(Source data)

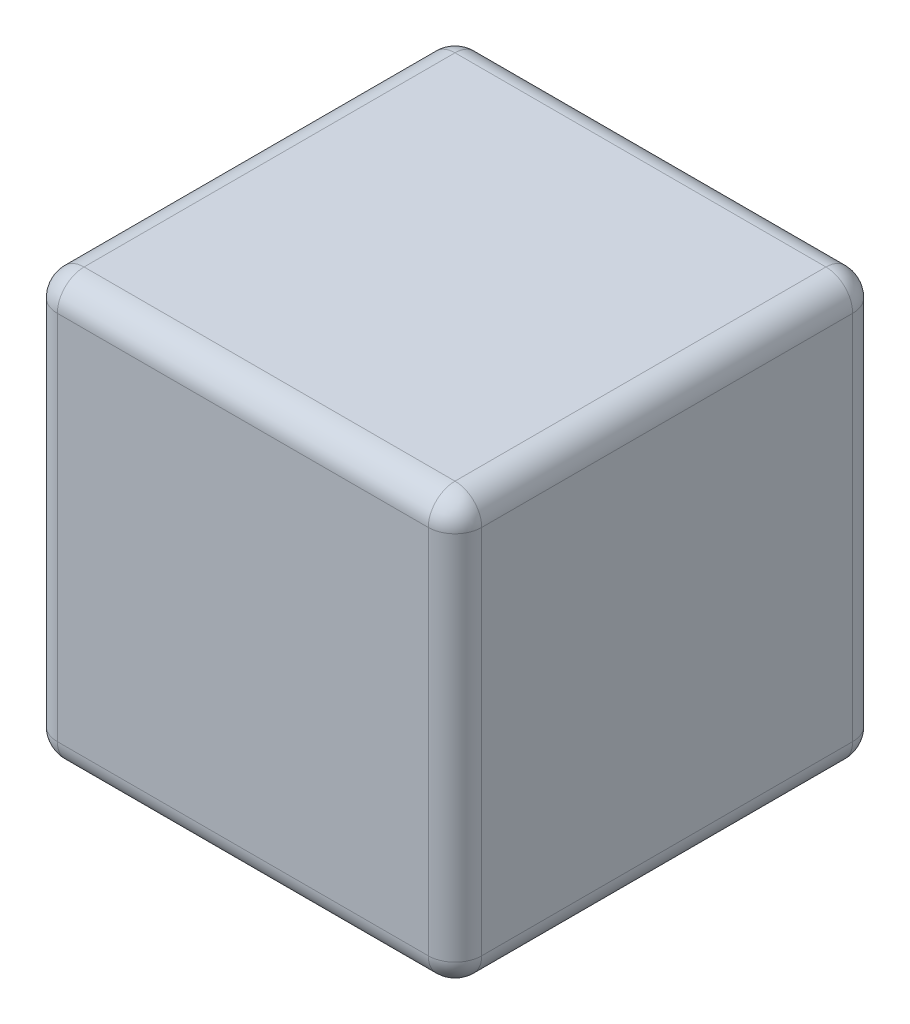
ISO-10303-21;
HEADER;
FILE_DESCRIPTION(('STEP AP214'),'2;1');
FILE_NAME('part.step','',(''),(''),'','','');
FILE_SCHEMA(('AUTOMOTIVE_DESIGN { 1 0 10303 214 1 1 1 1 }'));
ENDSEC;
DATA;
#1=APPLICATION_CONTEXT('core data for automotive mechanical design processes');
#2=APPLICATION_PROTOCOL_DEFINITION('international standard','automotive_design',2000,#1);
#3=PRODUCT_CONTEXT('',#1,'mechanical');
#4=PRODUCT('Part','Part','',(#3));
#5=PRODUCT_RELATED_PRODUCT_CATEGORY('part','',(#4));
#6=PRODUCT_DEFINITION_FORMATION('','',#4);
#7=PRODUCT_DEFINITION_CONTEXT('part definition',#1,'design');
#8=PRODUCT_DEFINITION('design','',#6,#7);
#9=PRODUCT_DEFINITION_SHAPE('','',#8);
#10=(LENGTH_UNIT() NAMED_UNIT(*) SI_UNIT(.MILLI.,.METRE.));
#11=(NAMED_UNIT(*) PLANE_ANGLE_UNIT() SI_UNIT($,.RADIAN.));
#12=(NAMED_UNIT(*) SI_UNIT($,.STERADIAN.) SOLID_ANGLE_UNIT());
#13=UNCERTAINTY_MEASURE_WITH_UNIT(LENGTH_MEASURE(1.E-05),#10,'distance_accuracy_value','');
#14=(GEOMETRIC_REPRESENTATION_CONTEXT(3) GLOBAL_UNCERTAINTY_ASSIGNED_CONTEXT((#13)) GLOBAL_UNIT_ASSIGNED_CONTEXT((#10,
#11,#12)) REPRESENTATION_CONTEXT('',''));
#15=CARTESIAN_POINT('',(0.,0.,0.));
#16=DIRECTION('',(0.,0.,1.));
#17=DIRECTION('',(1.,0.,0.));
#18=AXIS2_PLACEMENT_3D('',#15,#16,#17);
#19=CARTESIAN_POINT('',(0.79375,-0.79375,1.5875));
#20=DIRECTION('',(-1.,0.,0.));
#21=DIRECTION('',(0.,0.,1.));
#22=AXIS2_PLACEMENT_3D('',#19,#20,#21);
#23=PLANE('',#22);
#24=DIRECTION('',(0.,1.,0.));
#25=VECTOR('',#24,1.);
#26=CARTESIAN_POINT('',(0.79375,-0.79375,1.4875));
#27=LINE('',#26,#25);
#28=CARTESIAN_POINT('',(0.79375,0.69375,1.4875));
#29=VERTEX_POINT('',#28);
#30=CARTESIAN_POINT('',(0.79375,-0.69375,1.4875));
#31=VERTEX_POINT('',#30);
#32=EDGE_CURVE('E189',#29,#31,#27,.F.);
#33=ORIENTED_EDGE('',*,*,#32,.T.);
#34=DIRECTION('',(0.,0.,-1.));
#35=VECTOR('',#34,1.);
#36=CARTESIAN_POINT('',(0.79375,-0.69375,1.5875));
#37=LINE('',#36,#35);
#38=CARTESIAN_POINT('',(0.79375,-0.69375,0.1));
#39=VERTEX_POINT('',#38);
#40=EDGE_CURVE('E143',#31,#39,#37,.T.);
#41=ORIENTED_EDGE('',*,*,#40,.T.);
#42=DIRECTION('',(0.,1.,0.));
#43=VECTOR('',#42,1.);
#44=CARTESIAN_POINT('',(0.79375,0.79375,0.1));
#45=LINE('',#44,#43);
#46=CARTESIAN_POINT('',(0.79375,0.69375,0.1));
#47=VERTEX_POINT('',#46);
#48=EDGE_CURVE('E191',#39,#47,#45,.T.);
#49=ORIENTED_EDGE('',*,*,#48,.T.);
#50=DIRECTION('',(0.,0.,-1.));
#51=VECTOR('',#50,1.);
#52=CARTESIAN_POINT('',(0.79375,0.69375,1.5875));
#53=LINE('',#52,#51);
#54=EDGE_CURVE('E187',#47,#29,#53,.F.);
#55=ORIENTED_EDGE('',*,*,#54,.T.);
#56=EDGE_LOOP('',(#33,#41,#49,#55));
#57=FACE_BOUND('',#56,.T.);
#58=ADVANCED_FACE('F37',(#57),#23,.F.);
#59=CARTESIAN_POINT('',(-0.79375,0.79375,1.5875));
#60=DIRECTION('',(0.,-1.,0.));
#61=DIRECTION('',(0.,0.,-1.));
#62=AXIS2_PLACEMENT_3D('',#59,#60,#61);
#63=PLANE('',#62);
#64=DIRECTION('',(-1.,0.,0.));
#65=VECTOR('',#64,1.);
#66=CARTESIAN_POINT('',(-0.79375,0.79375,1.4875));
#67=LINE('',#66,#65);
#68=CARTESIAN_POINT('',(-0.69375,0.79375,1.4875));
#69=VERTEX_POINT('',#68);
#70=CARTESIAN_POINT('',(0.69375,0.79375,1.4875));
#71=VERTEX_POINT('',#70);
#72=EDGE_CURVE('E46',#69,#71,#67,.F.);
#73=ORIENTED_EDGE('',*,*,#72,.T.);
#74=DIRECTION('',(0.,0.,-1.));
#75=VECTOR('',#74,1.);
#76=CARTESIAN_POINT('',(0.69375,0.79375,1.5875));
#77=LINE('',#76,#75);
#78=CARTESIAN_POINT('',(0.69375,0.79375,0.1));
#79=VERTEX_POINT('',#78);
#80=EDGE_CURVE('E11',#71,#79,#77,.T.);
#81=ORIENTED_EDGE('',*,*,#80,.T.);
#82=DIRECTION('',(-1.,0.,0.));
#83=VECTOR('',#82,1.);
#84=CARTESIAN_POINT('',(-0.79375,0.79375,0.1));
#85=LINE('',#84,#83);
#86=CARTESIAN_POINT('',(-0.69375,0.79375,0.1));
#87=VERTEX_POINT('',#86);
#88=EDGE_CURVE('E203',#79,#87,#85,.T.);
#89=ORIENTED_EDGE('',*,*,#88,.T.);
#90=DIRECTION('',(0.,0.,-1.));
#91=VECTOR('',#90,1.);
#92=CARTESIAN_POINT('',(-0.69375,0.79375,1.5875));
#93=LINE('',#92,#91);
#94=EDGE_CURVE('E57',#87,#69,#93,.F.);
#95=ORIENTED_EDGE('',*,*,#94,.T.);
#96=EDGE_LOOP('',(#73,#81,#89,#95));
#97=FACE_BOUND('',#96,.T.);
#98=ADVANCED_FACE('F276',(#97),#63,.F.);
#99=CARTESIAN_POINT('',(-0.79375,-0.79375,1.5875));
#100=DIRECTION('',(1.,0.,0.));
#101=DIRECTION('',(0.,0.,-1.));
#102=AXIS2_PLACEMENT_3D('',#99,#100,#101);
#103=PLANE('',#102);
#104=DIRECTION('',(0.,-1.,0.));
#105=VECTOR('',#104,1.);
#106=CARTESIAN_POINT('',(-0.79375,-0.79375,0.1));
#107=LINE('',#106,#105);
#108=CARTESIAN_POINT('',(-0.79375,0.69375,0.1));
#109=VERTEX_POINT('',#108);
#110=CARTESIAN_POINT('',(-0.79375,-0.69375,0.1));
#111=VERTEX_POINT('',#110);
#112=EDGE_CURVE('E169',#109,#111,#107,.T.);
#113=ORIENTED_EDGE('',*,*,#112,.T.);
#114=DIRECTION('',(0.,0.,-1.));
#115=VECTOR('',#114,1.);
#116=CARTESIAN_POINT('',(-0.79375,-0.69375,1.5875));
#117=LINE('',#116,#115);
#118=CARTESIAN_POINT('',(-0.79375,-0.69375,1.4875));
#119=VERTEX_POINT('',#118);
#120=EDGE_CURVE('E175',#111,#119,#117,.F.);
#121=ORIENTED_EDGE('',*,*,#120,.T.);
#122=DIRECTION('',(0.,-1.,0.));
#123=VECTOR('',#122,1.);
#124=CARTESIAN_POINT('',(-0.79375,-0.79375,1.4875));
#125=LINE('',#124,#123);
#126=CARTESIAN_POINT('',(-0.79375,0.69375,1.4875));
#127=VERTEX_POINT('',#126);
#128=EDGE_CURVE('E173',#119,#127,#125,.F.);
#129=ORIENTED_EDGE('',*,*,#128,.T.);
#130=DIRECTION('',(0.,0.,-1.));
#131=VECTOR('',#130,1.);
#132=CARTESIAN_POINT('',(-0.79375,0.69375,1.5875));
#133=LINE('',#132,#131);
#134=EDGE_CURVE('E171',#127,#109,#133,.T.);
#135=ORIENTED_EDGE('',*,*,#134,.T.);
#136=EDGE_LOOP('',(#113,#121,#129,#135));
#137=FACE_BOUND('',#136,.T.);
#138=ADVANCED_FACE('F336',(#137),#103,.F.);
#139=CARTESIAN_POINT('',(-0.79375,-0.79375,1.5875));
#140=DIRECTION('',(0.,1.,0.));
#141=DIRECTION('',(0.,0.,1.));
#142=AXIS2_PLACEMENT_3D('',#139,#140,#141);
#143=PLANE('',#142);
#144=DIRECTION('',(1.,0.,0.));
#145=VECTOR('',#144,1.);
#146=CARTESIAN_POINT('',(-0.79375,-0.79375,1.4875));
#147=LINE('',#146,#145);
#148=CARTESIAN_POINT('',(0.69375,-0.79375,1.4875));
#149=VERTEX_POINT('',#148);
#150=CARTESIAN_POINT('',(-0.69375,-0.79375,1.4875));
#151=VERTEX_POINT('',#150);
#152=EDGE_CURVE('E129',#149,#151,#147,.F.);
#153=ORIENTED_EDGE('',*,*,#152,.T.);
#154=DIRECTION('',(0.,0.,-1.));
#155=VECTOR('',#154,1.);
#156=CARTESIAN_POINT('',(-0.69375,-0.79375,1.5875));
#157=LINE('',#156,#155);
#158=CARTESIAN_POINT('',(-0.69375,-0.79375,0.1));
#159=VERTEX_POINT('',#158);
#160=EDGE_CURVE('E167',#151,#159,#157,.T.);
#161=ORIENTED_EDGE('',*,*,#160,.T.);
#162=DIRECTION('',(1.,0.,0.));
#163=VECTOR('',#162,1.);
#164=CARTESIAN_POINT('',(0.79375,-0.79375,0.1));
#165=LINE('',#164,#163);
#166=CARTESIAN_POINT('',(0.69375,-0.79375,0.1));
#167=VERTEX_POINT('',#166);
#168=EDGE_CURVE('E132',#159,#167,#165,.T.);
#169=ORIENTED_EDGE('',*,*,#168,.T.);
#170=DIRECTION('',(0.,0.,-1.));
#171=VECTOR('',#170,1.);
#172=CARTESIAN_POINT('',(0.69375,-0.79375,1.5875));
#173=LINE('',#172,#171);
#174=EDGE_CURVE('E124',#167,#149,#173,.F.);
#175=ORIENTED_EDGE('',*,*,#174,.T.);
#176=EDGE_LOOP('',(#153,#161,#169,#175));
#177=FACE_BOUND('',#176,.T.);
#178=ADVANCED_FACE('F126',(#177),#143,.F.);
#179=CARTESIAN_POINT('',(0.,0.,1.5875));
#180=DIRECTION('',(0.,0.,-1.));
#181=DIRECTION('',(-1.,0.,0.));
#182=AXIS2_PLACEMENT_3D('',#179,#180,#181);
#183=PLANE('',#182);
#184=DIRECTION('',(0.,-1.,0.));
#185=VECTOR('',#184,1.);
#186=CARTESIAN_POINT('',(-0.69375,0.,1.5875));
#187=LINE('',#186,#185);
#188=CARTESIAN_POINT('',(-0.69375,0.69375,1.5875));
#189=VERTEX_POINT('',#188);
#190=CARTESIAN_POINT('',(-0.69375,-0.69375,1.5875));
#191=VERTEX_POINT('',#190);
#192=EDGE_CURVE('E198',#189,#191,#187,.T.);
#193=ORIENTED_EDGE('',*,*,#192,.T.);
#194=DIRECTION('',(1.,0.,0.));
#195=VECTOR('',#194,1.);
#196=CARTESIAN_POINT('',(0.,-0.69375,1.5875));
#197=LINE('',#196,#195);
#198=CARTESIAN_POINT('',(0.69375,-0.69375,1.5875));
#199=VERTEX_POINT('',#198);
#200=EDGE_CURVE('E200',#191,#199,#197,.T.);
#201=ORIENTED_EDGE('',*,*,#200,.T.);
#202=DIRECTION('',(0.,1.,0.));
#203=VECTOR('',#202,1.);
#204=CARTESIAN_POINT('',(0.69375,0.,1.5875));
#205=LINE('',#204,#203);
#206=CARTESIAN_POINT('',(0.69375,0.69375,1.5875));
#207=VERTEX_POINT('',#206);
#208=EDGE_CURVE('E196',#199,#207,#205,.T.);
#209=ORIENTED_EDGE('',*,*,#208,.T.);
#210=DIRECTION('',(-1.,0.,0.));
#211=VECTOR('',#210,1.);
#212=CARTESIAN_POINT('',(0.,0.69375,1.5875));
#213=LINE('',#212,#211);
#214=EDGE_CURVE('E194',#207,#189,#213,.T.);
#215=ORIENTED_EDGE('',*,*,#214,.T.);
#216=EDGE_LOOP('',(#193,#201,#209,#215));
#217=FACE_BOUND('',#216,.T.);
#218=ADVANCED_FACE('F301',(#217),#183,.F.);
#219=CARTESIAN_POINT('',(0.,0.,0.));
#220=DIRECTION('',(0.,0.,-1.));
#221=DIRECTION('',(-1.,0.,0.));
#222=AXIS2_PLACEMENT_3D('',#219,#220,#221);
#223=PLANE('',#222);
#224=DIRECTION('',(0.,1.,0.));
#225=VECTOR('',#224,1.);
#226=CARTESIAN_POINT('',(0.69375,-0.79375,0.));
#227=LINE('',#226,#225);
#228=CARTESIAN_POINT('',(0.69375,0.69375,0.));
#229=VERTEX_POINT('',#228);
#230=CARTESIAN_POINT('',(0.69375,-0.69375,0.));
#231=VERTEX_POINT('',#230);
#232=EDGE_CURVE('E182',#229,#231,#227,.F.);
#233=ORIENTED_EDGE('',*,*,#232,.T.);
#234=DIRECTION('',(1.,0.,0.));
#235=VECTOR('',#234,1.);
#236=CARTESIAN_POINT('',(-0.79375,-0.69375,0.));
#237=LINE('',#236,#235);
#238=CARTESIAN_POINT('',(-0.69375,-0.69375,0.));
#239=VERTEX_POINT('',#238);
#240=EDGE_CURVE('E184',#231,#239,#237,.F.);
#241=ORIENTED_EDGE('',*,*,#240,.T.);
#242=DIRECTION('',(0.,-1.,0.));
#243=VECTOR('',#242,1.);
#244=CARTESIAN_POINT('',(-0.69375,0.79375,0.));
#245=LINE('',#244,#243);
#246=CARTESIAN_POINT('',(-0.69375,0.69375,0.));
#247=VERTEX_POINT('',#246);
#248=EDGE_CURVE('E178',#239,#247,#245,.F.);
#249=ORIENTED_EDGE('',*,*,#248,.T.);
#250=DIRECTION('',(-1.,0.,0.));
#251=VECTOR('',#250,1.);
#252=CARTESIAN_POINT('',(0.79375,0.69375,0.));
#253=LINE('',#252,#251);
#254=EDGE_CURVE('E180',#247,#229,#253,.F.);
#255=ORIENTED_EDGE('',*,*,#254,.T.);
#256=EDGE_LOOP('',(#233,#241,#249,#255));
#257=FACE_BOUND('',#256,.T.);
#258=ADVANCED_FACE('F269',(#257),#223,.T.);
#259=CARTESIAN_POINT('',(0.69375,0.69375,1.5875));
#260=DIRECTION('',(0.,0.,-1.));
#261=DIRECTION('',(-1.,0.,0.));
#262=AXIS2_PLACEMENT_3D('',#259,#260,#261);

▸ Instructions to follow
Beginning with the first line of the records, write out every line up to and including the one with "#8=PRODUCT_DEFINITION('design','',#6,#7);", exactly, and omit all pictures.

▸ Final answer
ISO-10303-21;
HEADER;
FILE_DESCRIPTION(('STEP AP214'),'2;1');
FILE_NAME('part.step','',(''),(''),'','','');
FILE_SCHEMA(('AUTOMOTIVE_DESIGN { 1 0 10303 214 1 1 1 1 }'));
ENDSEC;
DATA;
#1=APPLICATION_CONTEXT('core data for automotive mechanical design processes');
#2=APPLICATION_PROTOCOL_DEFINITION('international standard','automotive_design',2000,#1);
#3=PRODUCT_CONTEXT('',#1,'mechanical');
#4=PRODUCT('Part','Part','',(#3));
#5=PRODUCT_RELATED_PRODUCT_CATEGORY('part','',(#4));
#6=PRODUCT_DEFINITION_FORMATION('','',#4);
#7=PRODUCT_DEFINITION_CONTEXT('part definition',#1,'design');
#8=PRODUCT_DEFINITION('design','',#6,#7);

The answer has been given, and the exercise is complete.